Complete Step-by-step answer
A simple harmonic motion is a motion in which the restoring force is directly proportional to the displacement from the mean position and whose equation can be represented in the general equation of simple harmonic motion which is
$\dfrac{{{d^2}x}}{{d{t^2}}} + {\omega ^2}x = 0$
Where $x$represents the displacement from mean position, $\omega $is the angular frequency of that simple harmonic motion, and $\dfrac{{{d^2}x}}{{d{t^2}}}$ represents the double derivative of displacement with respect to time.

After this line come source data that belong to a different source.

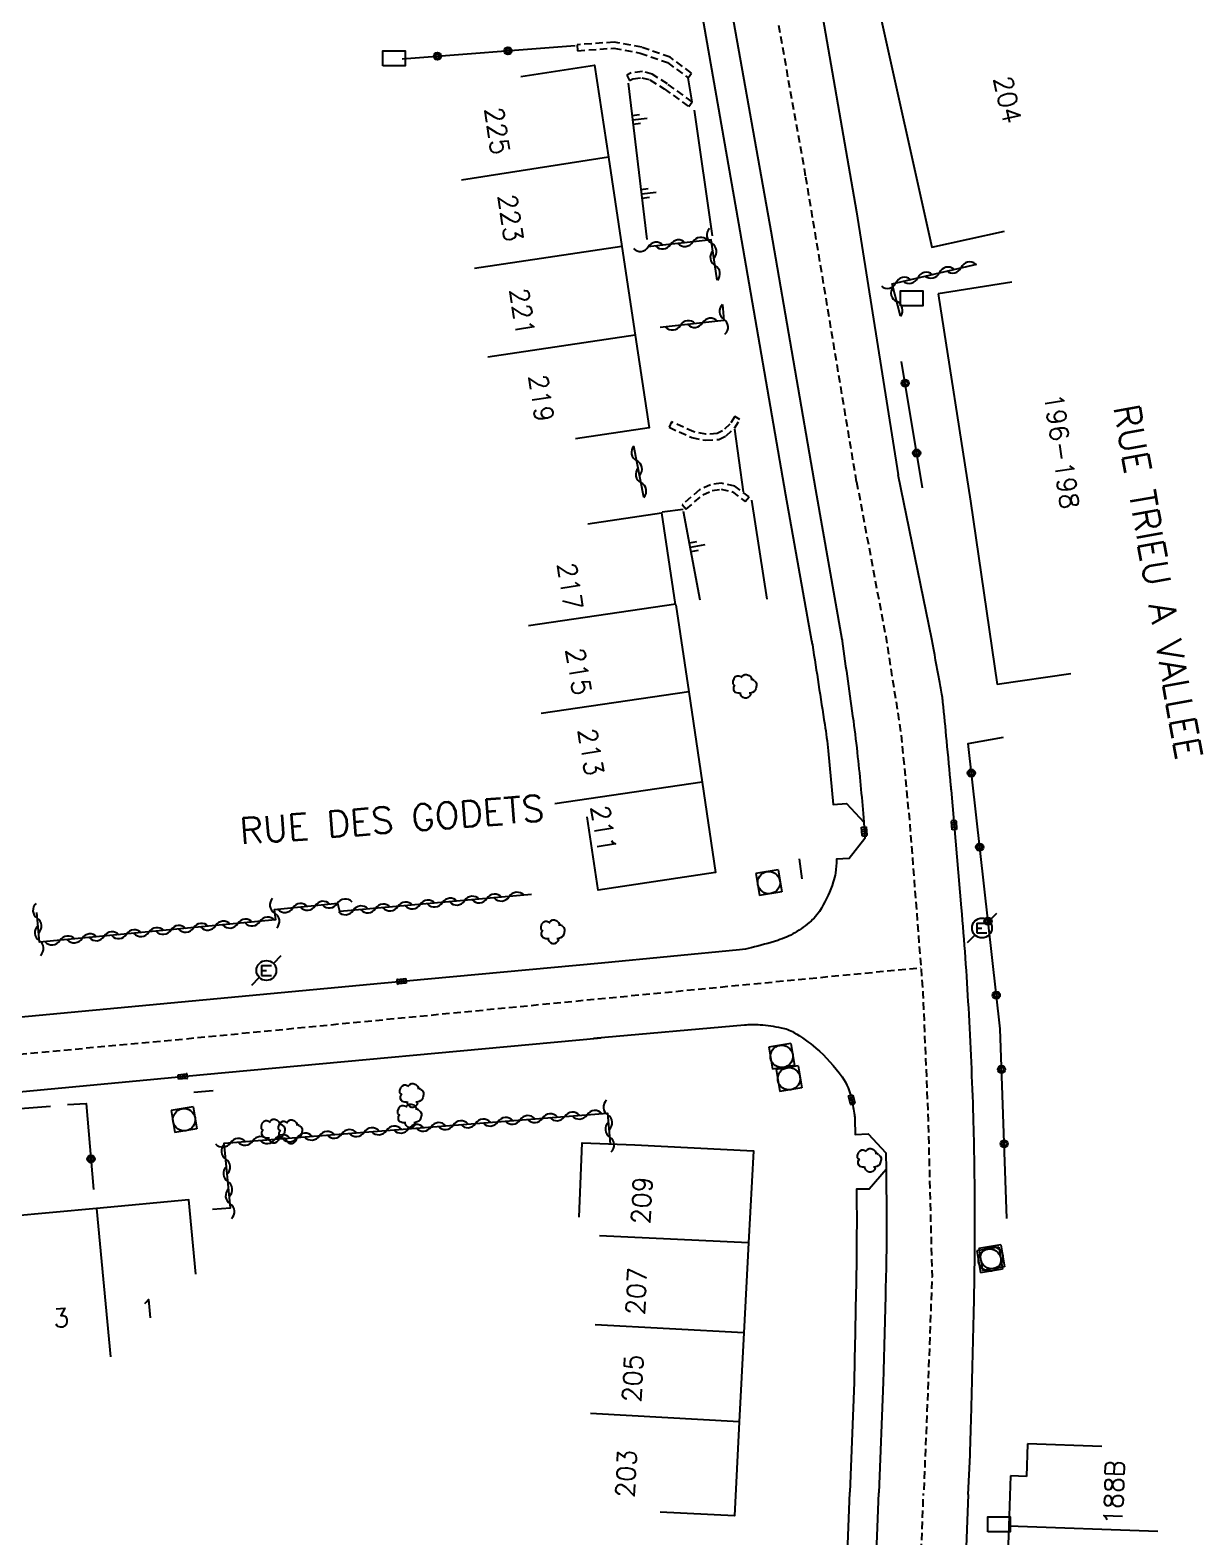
# Model space of a CAD drawing. Header units: millimetres. Extents: x 134000 to 135000, y 131000 to 132000.
# Drawn here: x 134485.9 to 134564.5, y 131666.2 to 131767.4 of the extents above; entities that cross this region are included whole.
import ezdxf
from ezdxf.enums import TextEntityAlignment as Align

# ---------------------------------------------------------------- set-up
doc = ezdxf.new("R2010")
doc.units = ezdxf.units.MM
doc.linetypes.add('DASHED', pattern=[0.75, 0.5, -0.25])
doc.layers.get('0').update_dxf_attribs({"linetype": 'CONTINUOUS'})
for name, color, linetype in [('W0001', 6, 'DASHED'), ('W0008', 7, 'CONTINUOUS'), ('W0100', 7, 'CONTINUOUS'), ('W0105', 7, 'CONTINUOUS'), ('W0112', 1, 'DASHED'), ('W0211', 2, 'CONTINUOUS'), ('W0300', 7, 'CONTINUOUS'), ('W0310', 3, 'CONTINUOUS'), ('W0322', 7, 'CONTINUOUS'), ('W0400', 7, 'CONTINUOUS'), ('W0420', 7, 'CONTINUOUS'), ('W0471', 7, 'CONTINUOUS'), ('W0989', 7, 'CONTINUOUS'), ('W0991', 7, 'CONTINUOUS'), ('W1102', 7, 'CONTINUOUS'), ('W1471', 7, 'CONTINUOUS')]:
    doc.layers.add(name, color=color, linetype=linetype)
doc.styles.get("Standard").update_dxf_attribs({"font": 'romans.shx', "width": 0.85})

# ---------------------------------------------------------------- blocks, each defined once
blk = doc.blocks.new('t310o')
at = {"color": 0, "linetype": 'Continuous'}
for centre, start, end in [((-0.5, 0.38), 216.8699, 323.1304), ((0.5, -0.37), 36.8699, 143.1303)]:
    blk.add_arc(centre, 0.625, start, end, dxfattribs=at)
blk = doc.blocks.new('t322o')
at = {"color": 0, "linetype": 'Continuous'}
for radius in [0.25, 0.15]:
    blk.add_circle((0, 0), radius, dxfattribs=at)
blk = doc.blocks.new('T420')
for p, q in [((0.75, 0.75), (-0.75, 0.75)), ((-0.75, 0.75), (-0.75, -0.75)), ((0.75, 0.75), (0.75, -0.75)), ((0.75, -0.75), (-0.75, -0.75))]:
    blk.add_line(p, q)
blk.add_ellipse((0, 0), major_axis=(-0.53, 0.53), ratio=1, start_param=3.926991, end_param=10.210176)
blk = doc.blocks.new('T400')
for p, q in [((-0.15, 0.3), (0.15, 0.3)), ((-0.15, -0.25), (-0.15, 0.3)), ((-0.15, 0.15), (0.15, 0.15)), ((-0.15, 0), (0.15, 0)), ((0.15, 0.3), (0.15, -0.25)), ((-0.15, -0.15), (0.15, -0.15)), ((-0.15, -0.25), (-0.15, -0.3)), ((-0.15, -0.3), (0.15, -0.3)), ((0.15, -0.3), (0.15, -0.25))]:
    blk.add_line(p, q)
blk = doc.blocks.new('T300')
for p, q in [((-0.8, 0.51), (-0.86, 0.34)), ((-0.86, 0.34), (-0.86, 0.17)), ((-0.86, 0.17), (-0.74, 0.06)), ((-0.69, 0.63), (-0.8, 0.51)), ((-0.8, -0.06), (-0.74, 0.06)), ((-0.74, 0.06), (-0.69, 0.11)), ((-0.57, 0.69), (-0.69, 0.63)), ((-0.46, 0.69), (-0.57, 0.69)), ((-0.29, 0.63), (-0.46, 0.69)), ((-0.29, 0.63), (-0.17, 0.74)), ((-0.23, 0.57), (-0.29, 0.63)), ((-0.17, 0.74), (-0.06, 0.8)), ((-0.06, 0.8), (0.06, 0.8)), ((0.06, 0.8), (0.23, 0.74)), ((0.23, 0.74), (0.34, 0.63)), ((0.34, 0.63), (0.4, 0.51)), ((0.46, 0.46), (0.34, 0.46)), ((0.4, 0.51), (0.4, 0.46)), ((0.57, 0.4), (0.46, 0.46)), ((0.57, 0.4), (0.69, 0.29)), ((0.69, 0.29), (0.74, 0.17)), ((0.74, 0.06), (0.69, -0.17)), ((0.74, 0.17), (0.74, 0.06)), ((-0.8, -0.17), (-0.8, -0.06)), ((-0.8, -0.23), (-0.8, -0.17)), ((-0.74, -0.34), (-0.8, -0.23)), ((-0.69, -0.4), (-0.74, -0.34)), ((-0.51, -0.46), (-0.69, -0.4)), ((-0.4, -0.46), (-0.51, -0.46)), ((-0.4, -0.46), (-0.34, -0.46)), ((-0.34, -0.46), (-0.34, -0.4)), ((-0.34, -0.51), (-0.34, -0.46)), ((-0.29, -0.63), (-0.34, -0.51)), ((-0.17, -0.74), (-0.29, -0.63)), ((-0.06, -0.8), (-0.17, -0.74)), ((0.06, -0.8), (-0.06, -0.8)), ((0.17, -0.74), (0.06, -0.8)), ((0.23, -0.69), (0.17, -0.74)), ((0.29, -0.46), (0.23, -0.46)), ((0.29, -0.63), (0.23, -0.69)), ((0.46, -0.4), (0.29, -0.46)), ((0.34, -0.51), (0.29, -0.63)), ((0.34, -0.51), (0.34, -0.46)), ((0.57, -0.34), (0.46, -0.4)), ((0.63, -0.29), (0.57, -0.34)), ((0.69, -0.17), (0.63, -0.29))]:
    blk.add_line(p, q)
blk = doc.blocks.new('T471')
for p, q in [((-0.333334, 0.333334), (-0.333334, -0.333334)), ((-0.333334, 0.333334), (0.333334, 0.333334)), ((-0.333334, 0), (0, 0)), ((0.500001, 0.500001), (1.000002, 1.000002)), ((-0.500001, -0.500001), (-1.000002, -1.000002)), ((-0.333334, -0.333334), (0.333334, -0.333334))]:
    blk.add_line(p, q)
blk.add_ellipse((0, 0), major_axis=(0.471405, 0.471405), ratio=1, start_param=5.4977871438, end_param=11.780972451)
blk = doc.blocks.new('T1471')
at = {"color": 0, "linetype": 'Continuous', "flags": 128}
blk.add_lwpolyline([(-0.75, -0.5), (-0.75, 0.5), (0.75, 0.5), (0.75, -0.5), (-0.75, -0.5)], dxfattribs=at)
blk = doc.blocks.new('t211o')
at = {"color": 0, "linetype": 'Continuous'}
for p, q in [((-0.29, 0.5), (-0.29, 0)), ((0, 1), (0, 0)), ((0.29, 0.5), (0.29, 0))]:
    blk.add_line(p, q, dxfattribs=at)

msp = doc.modelspace()

# ---------------------------------------------------------------- linework, layer by layer
at = {"layer": 'W0001'}
for points in [[(134541.33, 131737.03), (134537.91, 131757.58), (134535.31, 131772.15), (134532.31, 131783.84), (134529.61, 131799.37), (134527.97, 131810.82), (134526.28, 131818.57)], [(134540.52, 131532.97), (134539.63, 131538.87), (134539.4, 131543.65), (134539.51, 131551.05), (134540.18, 131570.34), (134541.12, 131596.74), (134541.63, 131611.39), (134543.1, 131624.52), (134543.36, 131634.01), (134544.79, 131642.28), (134545.36, 131657), (134545.82, 131669.12)]]:
    msp.add_lwpolyline(points, dxfattribs=at)
at = {"layer": 'W0001', "flags": 128}
for points in [[(134541.33, 131737.03), (134543.28, 131726.69), (134544.31, 131720.12), (134544.89, 131714.13), (134545.78, 131702.69), (134546.13, 131694.18), (134546.39, 131683.7), (134546, 131673.23), (134545.82, 131669.12)], [(134394.82, 131689.91), (134405.34, 131691.13), (134441.61, 131694.61), (134495.32, 131699.56), (134545.65, 131704.43)]]:
    msp.add_lwpolyline(points, dxfattribs=at)
at = {"layer": 'W0008'}
for points in [[(134536.72, 131816.47), (134534.92, 131815.72), (134533.93, 131815.53), (134532.87, 131815.65), (134531.94, 131815.98), (134531.22, 131816.55), (134530.17, 131819.32), (134522.4, 131817.83), (134524.43, 131806.04), (134530.19, 131772.8), (134531.06, 131772.88), (134532.29, 131771.9), (134532.53, 131770.87), (134532.86, 131769.07), (134535.58, 131753.89), (134538.56, 131736.53)], [(134539.14, 131811.93), (134536.83, 131810.63), (134535.36, 131809.47), (134534.02, 131807.96), (134533.55, 131807.04), (134533.11, 131805.44), (134533.03, 131803.57), (134533.17, 131802.1), (134533.4, 131800.74), (134538.61, 131770.76), (134541.32, 131755.17), (134544.11, 131737.52)], [(134532.47, 131770.88), (134531.63, 131769.41), (134530.8, 131769.24), (134533.49, 131753.89), (134536.56, 131736.17)], [(134498.57, 131627), (134500.02, 131627.24), (134512.33, 131629.31), (134536.51, 131633.34), (134538.01, 131633.76), (134538.91, 131634.36), (134539.42, 131635.29), (134539.56, 131636.39), (134539.59, 131636.76), (134539.7, 131639.41), (134540.56, 131639.4), (134541.73, 131640.61), (134541.84, 131643.77), (134542.83, 131669.17)], [(134541.76, 131641.66), (134540.7, 131642.95), (134539.87, 131642.96), (134540.87, 131669.21)], [(134548.82, 131669.06), (134547.54, 131635.59), (134547.35, 131630.59), (134546.73, 131613.46), (134545.84, 131613.5), (134544.68, 131612.3), (134544.67, 131611.26), (134545.69, 131610), (134546.54, 131609.93), (134545.79, 131587.99), (134545.27, 131573.53), (134544.6, 131555.02), (134544.3, 131546.72), (134544.37, 131542.24), (134544.79, 131537.04), (134545.25, 131534.53)]]:
    msp.add_lwpolyline(points, dxfattribs=at)
at = {"layer": 'W0008', "flags": 128}
for points in [[(134548.82, 131669.06), (134548.94, 131671.71, 0.002705), (134549.03, 131674.69, 0.001116), (134549.21, 131681.92, 0.006668), (134549.27, 131688.05, 0.006399), (134549.17, 131694.44, 0.006786), (134548.85, 131701.73, 0.007368), (134548.37, 131708.44), (134547.69, 131716.35, 0.001954), (134547.66, 131716.63, 0.00018), (134547.38, 131719.65, 0.001643), (134547.12, 131722.26, 0.010478), (134547.07, 131722.67, 0.01244), (134546.9, 131723.69, -0.00459), (134546.38, 131726.47), (134544.11, 131737.52)], [(134538.56, 131736.53), (134540.34, 131726.48, -0.000896), (134540.36, 131726.34, -0.000024), (134541.11, 131720.99, -0.008345), (134541.4, 131718.59, -0.00461), (134541.82, 131714.22)], [(134523.67, 131699.7), (134533.8, 131700.59, -0.041087), (134534.85, 131700.6, -0.029992), (134536.27, 131700.4, -0.084823), (134537.12, 131700.08, -0.042317), (134538.6, 131699.03, -0.065549), (134540.36, 131697.09, -0.103658), (134541, 131695.56, -0.009294), (134541.18, 131694.54, -0.030366), (134541.21, 131694.23), (134541.24, 131693.23), (134542.1, 131693.27), (134543.29, 131692), (134543.32, 131690.87), (134542.17, 131689.55), (134541.33, 131689.57, -0.001812), (134541.33, 131685.45, -0.003791), (134541.3, 131683.49, -0.000083), (134541.16, 131676.69, -0.004825), (134541.16, 131676.57), (134540.87, 131669.21)], [(134543.31, 131690.86, -0.002993), (134543.33, 131686, -0.00573), (134543.29, 131683.46, -0.000039), (134543.12, 131676.75, -0.00185), (134543.11, 131676.6), (134542.83, 131669.17)]]:
    msp.add_lwpolyline(points, format="xyb", dxfattribs=at)
at = {"layer": 'W0008'}
msp.add_lwpolyline([(134536.56, 131736.17), (134538.31, 131726.36, -0.003196), (134538.36, 131726.1, -0.000158), (134539.19, 131720.76, -0.011833), (134539.42, 131718.98), (134539.76, 131715.37), (134540.64, 131715.45), (134541.82, 131714.2), (134541.88, 131713.1), (134540.83, 131711.75), (134539.98, 131711.7, -0.032114), (134539.91, 131710.78, -0.048227), (134539.76, 131710.18, -0.047321), (134538.98, 131708.43, -0.080424), (134538.27, 131707.56, -0.051035), (134537.18, 131706.77, -0.054519), (134536.04, 131706.26, -0.016544), (134534.26, 131705.76, -0.03731), (134533.46, 131705.62), (134524.22, 131704.74), (134509.39, 131703.36), (134478.34, 131700.46, -0.021224)], format="xyb", dxfattribs=at)
at = {"layer": 'W0008', "flags": 128}
for points in [[(134537.48, 131711.74), (134537.65, 131710.39)], [(134467.52, 131694.43), (134497.5, 131697.26), (134524.18, 131699.71)], [(134496.86, 131696.06), (134498.15, 131696.19)]]:
    msp.add_lwpolyline(points, dxfattribs=at)
at = {"layer": 'W0100'}
for p, q in [((134551.75, 131750.44), (134546.81, 131749.67)), ((134555.71, 131724.15), (134550.76, 131723.43)), ((134552.8, 131672.46), (134552.72, 131670.28)), ((134557.79, 131672.29), (134552.8, 131672.46)), ((134552.72, 131670.28), (134551.66, 131670.32))]:
    msp.add_line(p, q, dxfattribs=at)
for points in [[(134547.61, 131770.27), (134542.73, 131769.19), (134546.37, 131752.79), (134551.25, 131753.87)], [(134518.79, 131764.25), (134523.73, 131765.02), (134524.69, 131758.83), (134525.58, 131752.84), (134526.47, 131746.89), (134527.41, 131740.67), (134522.47, 131739.92)], [(134546.81, 131749.67), (134548.97, 131735.74), (134550.76, 131723.43)], [(134523.29, 131734.23), (134528.24, 131734.96), (134529.16, 131728.8)], [(134496.99, 131683.86), (134496.52, 131688.84), (134490.33, 131688.27), (134484.46, 131687.73), (134472.15, 131686.59), (134472.62, 131681.61)], [(134551.66, 131670.32), (134551.55, 131666.95), (134551.34, 131661.26), (134551.14, 131655.43), (134551.01, 131651.6)]]:
    msp.add_lwpolyline(points, dxfattribs=at)
at = {"layer": 'W0100', "flags": 128}
for points in [[(134529.19, 131728.79), (134530.06, 131722.94), (134531.86, 131710.81), (134523.98, 131709.62), (134523.24, 131714.56)], [(134522.71, 131687.68), (134522.92, 131692.68), (134526.44, 131692.54), (134534.42, 131692.14), (134534.07, 131685.95), (134533.77, 131679.91), (134533.45, 131673.95), (134533.13, 131667.63), (134528.14, 131667.88)]]:
    msp.add_lwpolyline(points, dxfattribs=at)
at = {"layer": 'W0105'}
for p, q in [((134530.3, 131762.55), (134530.03, 131764.17)), ((134533.14, 131740.57), (134533.72, 131736.37)), ((134529.69, 131735.18), (134528.27, 131735.01))]:
    msp.add_line(p, q, dxfattribs=at)
at = {"layer": 'W0112'}
for p, q in [((134528.63, 131765.18), (134530.02, 131764.16)), ((134526.2, 131764.49), (134525.9, 131764.34)), ((134533.13, 131740.65), (134533.49, 131741.22)), ((134530.78, 131736.5), (134529.63, 131735.51))]:
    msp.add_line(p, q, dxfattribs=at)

It’s given that equation of motion is,
$y\left( x \right) = 4(sin5\pi t + \sqrt 2 \cos 5\pi t)$
We know that,
For $f(x) = a\sin (x) + b\cos (x)$ the maximum value of $f(x)$ is $\sqrt {{a^2} + {b^2}} $
Hence
$ \Rightarrow y\left( x \right) = 4sin5\pi t + 4\sqrt 2 \cos 5\pi t$
On comparing both the equations $a = 4$ and $b = 4\sqrt 2 $
Hence the maximum value of $ \Rightarrow y\left( x \right) = 4sin5\pi t + 4\sqrt 2 \cos 5\pi t$is
$ \Rightarrow \sqrt {{4^2} + {{(4\sqrt 2 )}^2}} $
$ \Rightarrow \sqrt {{4^2} + 2{{(4)}^2}} $
$ \Rightarrow \sqrt {3{{(4)}^2}} $
$ \Rightarrow 4\sqrt 3 $
Therefore from the theory and the known formula we can say that the amplitude of the equation is $4\sqrt 3 cm$

Hence the correct answer to the above question is (C) $4\sqrt 3 cm$

Note
We used the known equation $f(x) = a\sin (x) + b\cos (x)$ the maximum value of $f(x)$ is $\sqrt {{a^2} + {b^2}} $ but it has proof and to understand it one must have basic knowledge of the application of derivatives.
In this first, we double differentiate $f(x)$ and find the point of local maximum and then we substitute it in $f(x)$ to find the local maxima which is the maximum value of our function.